## Required work
A verbatim transcript of the data below is required, images omitted.

## Data supplied
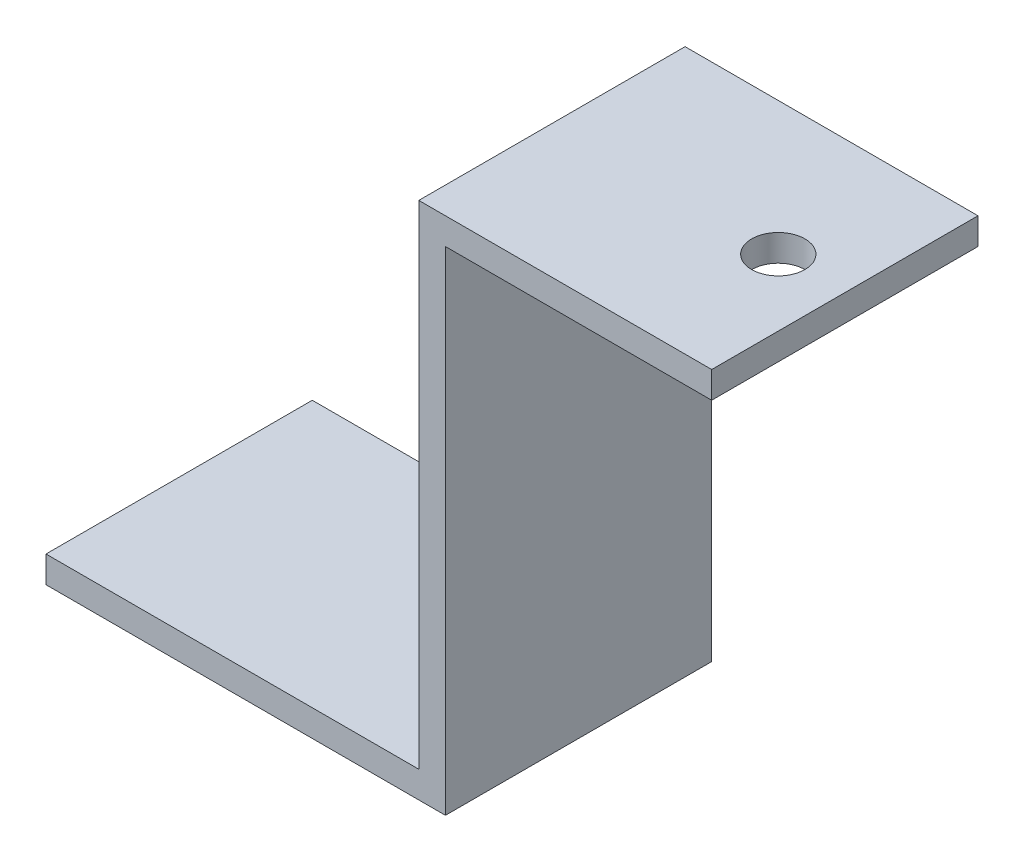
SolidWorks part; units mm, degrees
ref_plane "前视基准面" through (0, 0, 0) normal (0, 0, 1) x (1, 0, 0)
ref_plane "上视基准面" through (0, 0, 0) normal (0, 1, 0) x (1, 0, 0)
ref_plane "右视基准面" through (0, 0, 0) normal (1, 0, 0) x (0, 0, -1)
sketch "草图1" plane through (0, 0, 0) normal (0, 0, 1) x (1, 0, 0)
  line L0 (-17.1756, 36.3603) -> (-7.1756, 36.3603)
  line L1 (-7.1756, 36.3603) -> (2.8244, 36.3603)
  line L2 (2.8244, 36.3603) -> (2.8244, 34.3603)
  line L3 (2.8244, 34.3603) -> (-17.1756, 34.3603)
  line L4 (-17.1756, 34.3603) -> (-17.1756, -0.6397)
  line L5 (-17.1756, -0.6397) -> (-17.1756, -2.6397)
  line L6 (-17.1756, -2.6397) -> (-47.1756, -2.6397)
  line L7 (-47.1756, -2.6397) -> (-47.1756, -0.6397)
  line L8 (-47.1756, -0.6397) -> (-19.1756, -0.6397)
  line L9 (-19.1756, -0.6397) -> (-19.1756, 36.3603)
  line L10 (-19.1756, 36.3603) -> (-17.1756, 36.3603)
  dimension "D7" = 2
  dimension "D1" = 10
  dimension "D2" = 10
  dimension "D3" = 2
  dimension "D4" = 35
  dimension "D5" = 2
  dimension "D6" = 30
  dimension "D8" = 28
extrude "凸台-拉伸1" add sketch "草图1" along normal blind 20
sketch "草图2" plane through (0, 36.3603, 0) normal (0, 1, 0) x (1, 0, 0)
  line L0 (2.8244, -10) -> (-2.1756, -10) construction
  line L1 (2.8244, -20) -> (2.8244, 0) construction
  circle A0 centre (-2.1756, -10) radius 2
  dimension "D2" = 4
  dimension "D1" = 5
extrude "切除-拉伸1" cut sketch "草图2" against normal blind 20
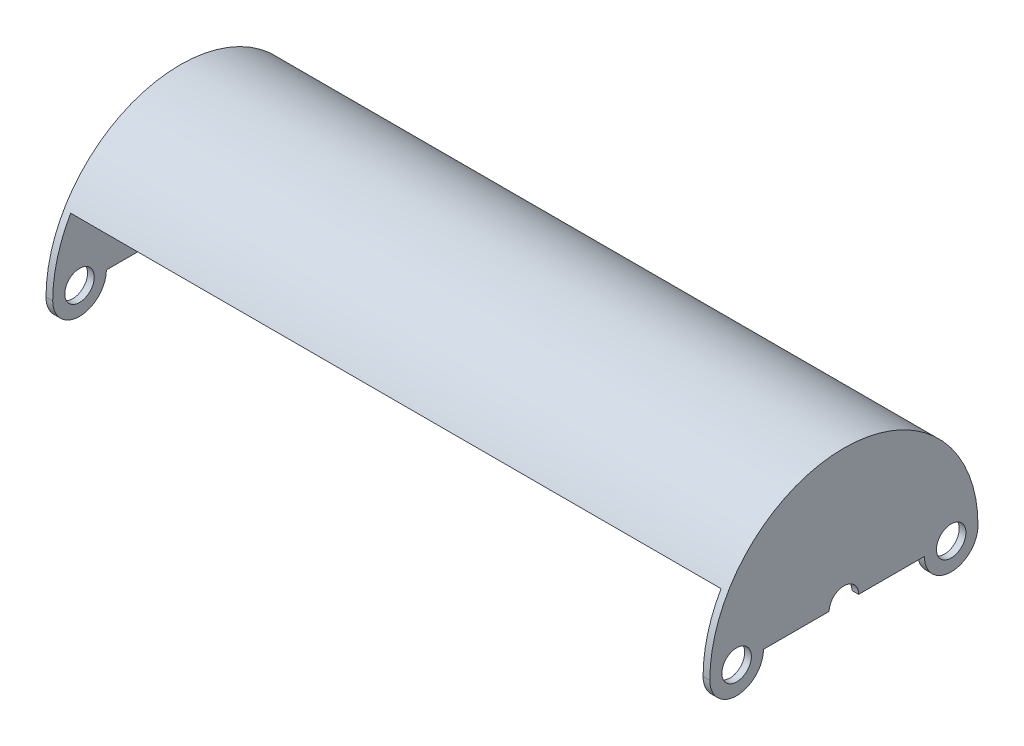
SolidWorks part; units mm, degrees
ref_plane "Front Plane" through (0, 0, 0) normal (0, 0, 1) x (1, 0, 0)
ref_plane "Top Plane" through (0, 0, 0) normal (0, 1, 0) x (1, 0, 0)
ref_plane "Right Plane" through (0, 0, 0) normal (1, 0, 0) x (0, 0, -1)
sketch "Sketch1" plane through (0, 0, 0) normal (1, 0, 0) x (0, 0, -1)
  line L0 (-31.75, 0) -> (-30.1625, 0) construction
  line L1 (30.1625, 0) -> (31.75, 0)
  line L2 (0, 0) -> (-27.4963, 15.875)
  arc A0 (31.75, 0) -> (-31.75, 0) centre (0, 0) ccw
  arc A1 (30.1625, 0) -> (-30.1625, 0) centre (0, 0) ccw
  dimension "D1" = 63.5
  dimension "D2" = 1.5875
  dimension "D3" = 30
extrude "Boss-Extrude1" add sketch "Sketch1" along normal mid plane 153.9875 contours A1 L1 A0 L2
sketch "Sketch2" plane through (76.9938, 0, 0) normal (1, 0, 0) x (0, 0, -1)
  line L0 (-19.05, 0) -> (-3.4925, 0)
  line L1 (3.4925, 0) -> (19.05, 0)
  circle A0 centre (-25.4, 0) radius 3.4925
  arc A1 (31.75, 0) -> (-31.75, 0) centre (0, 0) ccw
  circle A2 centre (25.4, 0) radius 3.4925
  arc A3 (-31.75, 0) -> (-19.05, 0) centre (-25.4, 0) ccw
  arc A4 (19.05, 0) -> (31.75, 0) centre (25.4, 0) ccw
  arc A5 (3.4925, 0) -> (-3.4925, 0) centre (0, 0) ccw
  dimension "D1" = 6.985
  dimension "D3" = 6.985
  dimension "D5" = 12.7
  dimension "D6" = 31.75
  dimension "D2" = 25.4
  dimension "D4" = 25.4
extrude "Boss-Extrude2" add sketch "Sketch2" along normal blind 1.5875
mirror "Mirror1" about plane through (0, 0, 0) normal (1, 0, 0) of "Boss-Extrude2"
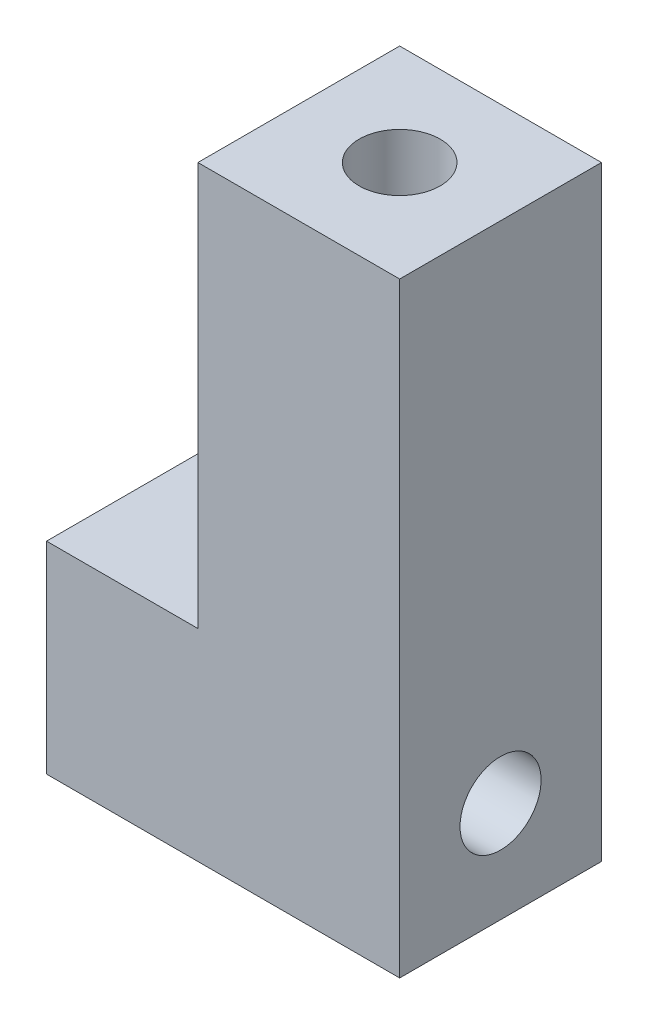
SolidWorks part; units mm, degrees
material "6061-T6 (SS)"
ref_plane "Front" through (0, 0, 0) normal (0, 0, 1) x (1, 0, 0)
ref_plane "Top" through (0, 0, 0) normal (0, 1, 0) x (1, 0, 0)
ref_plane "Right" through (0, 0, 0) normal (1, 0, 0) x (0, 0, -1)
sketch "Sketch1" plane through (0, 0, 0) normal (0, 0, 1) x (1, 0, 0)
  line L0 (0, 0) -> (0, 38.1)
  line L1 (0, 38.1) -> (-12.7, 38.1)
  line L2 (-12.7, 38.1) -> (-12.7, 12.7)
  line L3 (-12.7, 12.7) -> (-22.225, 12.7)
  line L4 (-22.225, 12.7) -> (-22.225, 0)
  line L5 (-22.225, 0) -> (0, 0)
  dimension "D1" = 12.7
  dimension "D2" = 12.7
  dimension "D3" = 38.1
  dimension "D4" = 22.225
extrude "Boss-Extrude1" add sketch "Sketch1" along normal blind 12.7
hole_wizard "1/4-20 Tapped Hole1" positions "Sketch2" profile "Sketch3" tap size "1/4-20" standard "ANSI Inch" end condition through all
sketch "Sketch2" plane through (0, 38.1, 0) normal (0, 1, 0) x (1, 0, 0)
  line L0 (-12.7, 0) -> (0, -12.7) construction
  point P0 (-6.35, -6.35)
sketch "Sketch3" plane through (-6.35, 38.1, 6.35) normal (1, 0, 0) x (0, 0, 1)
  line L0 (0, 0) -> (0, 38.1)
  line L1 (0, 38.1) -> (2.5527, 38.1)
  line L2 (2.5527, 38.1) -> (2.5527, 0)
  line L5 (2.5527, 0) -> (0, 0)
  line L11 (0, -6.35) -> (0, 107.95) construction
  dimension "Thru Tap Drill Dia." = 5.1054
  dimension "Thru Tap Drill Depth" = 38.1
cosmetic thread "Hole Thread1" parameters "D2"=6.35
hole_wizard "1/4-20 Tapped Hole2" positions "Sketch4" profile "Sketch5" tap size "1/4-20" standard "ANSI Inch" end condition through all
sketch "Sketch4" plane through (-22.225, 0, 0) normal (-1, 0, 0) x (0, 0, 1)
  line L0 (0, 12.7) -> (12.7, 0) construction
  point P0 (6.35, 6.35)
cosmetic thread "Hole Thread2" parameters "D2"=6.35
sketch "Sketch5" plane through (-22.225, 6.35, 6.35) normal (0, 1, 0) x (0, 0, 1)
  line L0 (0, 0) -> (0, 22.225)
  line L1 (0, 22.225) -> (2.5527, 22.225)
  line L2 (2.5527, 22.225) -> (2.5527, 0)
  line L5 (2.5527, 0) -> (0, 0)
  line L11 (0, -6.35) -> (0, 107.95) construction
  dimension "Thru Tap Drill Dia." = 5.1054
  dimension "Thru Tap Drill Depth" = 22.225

## Task response
SolidWorks part; units mm, degrees
ref_plane "前视基准面" through (0, 0, 0) normal (0, 0, 1) x (1, 0, 0)
ref_plane "上视基准面" through (0, 0, 0) normal (0, 1, 0) x (1, 0, 0)
ref_plane "右视基准面" through (0, 0, 0) normal (1, 0, 0) x (0, 0, -1)
sketch "草图1" plane through (0, 0, 0) normal (0, 0, 1) x (1, 0, 0)
  line L0 (-17.1756, 36.3603) -> (-7.1756, 36.3603)
  line L1 (-7.1756, 36.3603) -> (2.8244, 36.3603)
  line L2 (2.8244, 36.3603) -> (2.8244, 34.3603)
  line L3 (2.8244, 34.3603) -> (-17.1756, 34.3603)
  line L4 (-17.1756, 34.3603) -> (-17.1756, -0.6397)
  line L5 (-17.1756, -0.6397) -> (-17.1756, -2.6397)
  line L6 (-17.1756, -2.6397) -> (-47.1756, -2.6397)
  line L7 (-47.1756, -2.6397) -> (-47.1756, -0.6397)
  line L8 (-47.1756, -0.6397) -> (-19.1756, -0.6397)
  line L9 (-19.1756, -0.6397) -> (-19.1756, 36.3603)
  line L10 (-19.1756, 36.3603) -> (-17.1756, 36.3603)
  dimension "D7" = 2
  dimension "D1" = 10
  dimension "D2" = 10
  dimension "D3" = 2
  dimension "D4" = 35
  dimension "D5" = 2
  dimension "D6" = 30
  dimension "D8" = 28
extrude "凸台-拉伸1" add sketch "草图1" along normal blind 20
sketch "草图2" plane through (0, 36.3603, 0) normal (0, 1, 0) x (1, 0, 0)
  line L0 (2.8244, -10) -> (-2.1756, -10) construction
  line L1 (2.8244, -20) -> (2.8244, 0) construction
  circle A0 centre (-2.1756, -10) radius 2
  dimension "D2" = 4
  dimension "D1" = 5
extrude "切除-拉伸1" cut sketch "草图2" against normal blind 20
SolidWorks part; units mm, degrees
ref_plane "Front Plane" through (0, 0, 0) normal (0, 0, 1) x (1, 0, 0)
ref_plane "Top Plane" through (0, 0, 0) normal (0, 1, 0) x (1, 0, 0)
ref_plane "Right Plane" through (0, 0, 0) normal (1, 0, 0) x (0, 0, -1)
sketch "Sketch1" plane through (0, 0, 0) normal (1, 0, 0) x (0, 0, -1)
  line L0 (-31.75, 0) -> (-30.1625, 0) construction
  line L1 (30.1625, 0) -> (31.75, 0)
  line L2 (0, 0) -> (-27.4963, 15.875)
  arc A0 (31.75, 0) -> (-31.75, 0) centre (0, 0) ccw
  arc A1 (30.1625, 0) -> (-30.1625, 0) centre (0, 0) ccw
  dimension "D1" = 63.5
  dimension "D2" = 1.5875
  dimension "D3" = 30
extrude "Boss-Extrude1" add sketch "Sketch1" along normal mid plane 153.9875 contours A1 L1 A0 L2
sketch "Sketch2" plane through (76.9938, 0, 0) normal (1, 0, 0) x (0, 0, -1)
  line L0 (-19.05, 0) -> (-3.4925, 0)
  line L1 (3.4925, 0) -> (19.05, 0)
  circle A0 centre (-25.4, 0) radius 3.4925
  arc A1 (31.75, 0) -> (-31.75, 0) centre (0, 0) ccw
  circle A2 centre (25.4, 0) radius 3.4925
  arc A3 (-31.75, 0) -> (-19.05, 0) centre (-25.4, 0) ccw
  arc A4 (19.05, 0) -> (31.75, 0) centre (25.4, 0) ccw
  arc A5 (3.4925, 0) -> (-3.4925, 0) centre (0, 0) ccw
  dimension "D1" = 6.985
  dimension "D3" = 6.985
  dimension "D5" = 12.7
  dimension "D6" = 31.75
  dimension "D2" = 25.4
  dimension "D4" = 25.4
extrude "Boss-Extrude2" add sketch "Sketch2" along normal blind 1.5875
mirror "Mirror1" about plane through (0, 0, 0) normal (1, 0, 0) of "Boss-Extrude2"
SolidWorks part; units mm, degrees
material "6061-T6 (SS)"
ref_plane "Front" through (0, 0, 0) normal (0, 0, 1) x (1, 0, 0)
ref_plane "Top" through (0, 0, 0) normal (0, 1, 0) x (1, 0, 0)
ref_plane "Right" through (0, 0, 0) normal (1, 0, 0) x (0, 0, -1)
sketch "Sketch1" plane through (0, 0, 0) normal (0, 0, 1) x (1, 0, 0)
  line L0 (0, 0) -> (0, 38.1)
  line L1 (0, 38.1) -> (-12.7, 38.1)
  line L2 (-12.7, 38.1) -> (-12.7, 12.7)
  line L3 (-12.7, 12.7) -> (-22.225, 12.7)
  line L4 (-22.225, 12.7) -> (-22.225, 0)
  line L5 (-22.225, 0) -> (0, 0)
  dimension "D1" = 12.7
  dimension "D2" = 12.7
  dimension "D3" = 38.1
  dimension "D4" = 22.225
extrude "Boss-Extrude1" add sketch "Sketch1" along normal blind 12.7
hole_wizard "1/4-20 Tapped Hole1" positions "Sketch2" profile "Sketch3" tap size "1/4-20" standard "ANSI Inch" end condition through all
sketch "Sketch2" plane through (0, 38.1, 0) normal (0, 1, 0) x (1, 0, 0)
  line L0 (-12.7, 0) -> (0, -12.7) construction
  point P0 (-6.35, -6.35)
sketch "Sketch3" plane through (-6.35, 38.1, 6.35) normal (1, 0, 0) x (0, 0, 1)
  line L0 (0, 0) -> (0, 38.1)
  line L1 (0, 38.1) -> (2.5527, 38.1)
  line L2 (2.5527, 38.1) -> (2.5527, 0)
  line L5 (2.5527, 0) -> (0, 0)
  line L11 (0, -6.35) -> (0, 107.95) construction
  dimension "Thru Tap Drill Dia." = 5.1054
  dimension "Thru Tap Drill Depth" = 38.1
cosmetic thread "Hole Thread1" parameters "D2"=6.35
hole_wizard "1/4-20 Tapped Hole2" positions "Sketch4" profile "Sketch5" tap size "1/4-20" standard "ANSI Inch" end condition through all
sketch "Sketch4" plane through (-22.225, 0, 0) normal (-1, 0, 0) x (0, 0, 1)
  line L0 (0, 12.7) -> (12.7, 0) construction
  point P0 (6.35, 6.35)
cosmetic thread "Hole Thread2" parameters "D2"=6.35
sketch "Sketch5" plane through (-22.225, 6.35, 6.35) normal (0, 1, 0) x (0, 0, 1)
  line L0 (0, 0) -> (0, 22.225)
  line L1 (0, 22.225) -> (2.5527, 22.225)
  line L2 (2.5527, 22.225) -> (2.5527, 0)
  line L5 (2.5527, 0) -> (0, 0)
  line L11 (0, -6.35) -> (0, 107.95) construction
  dimension "Thru Tap Drill Dia." = 5.1054
  dimension "Thru Tap Drill Depth" = 22.225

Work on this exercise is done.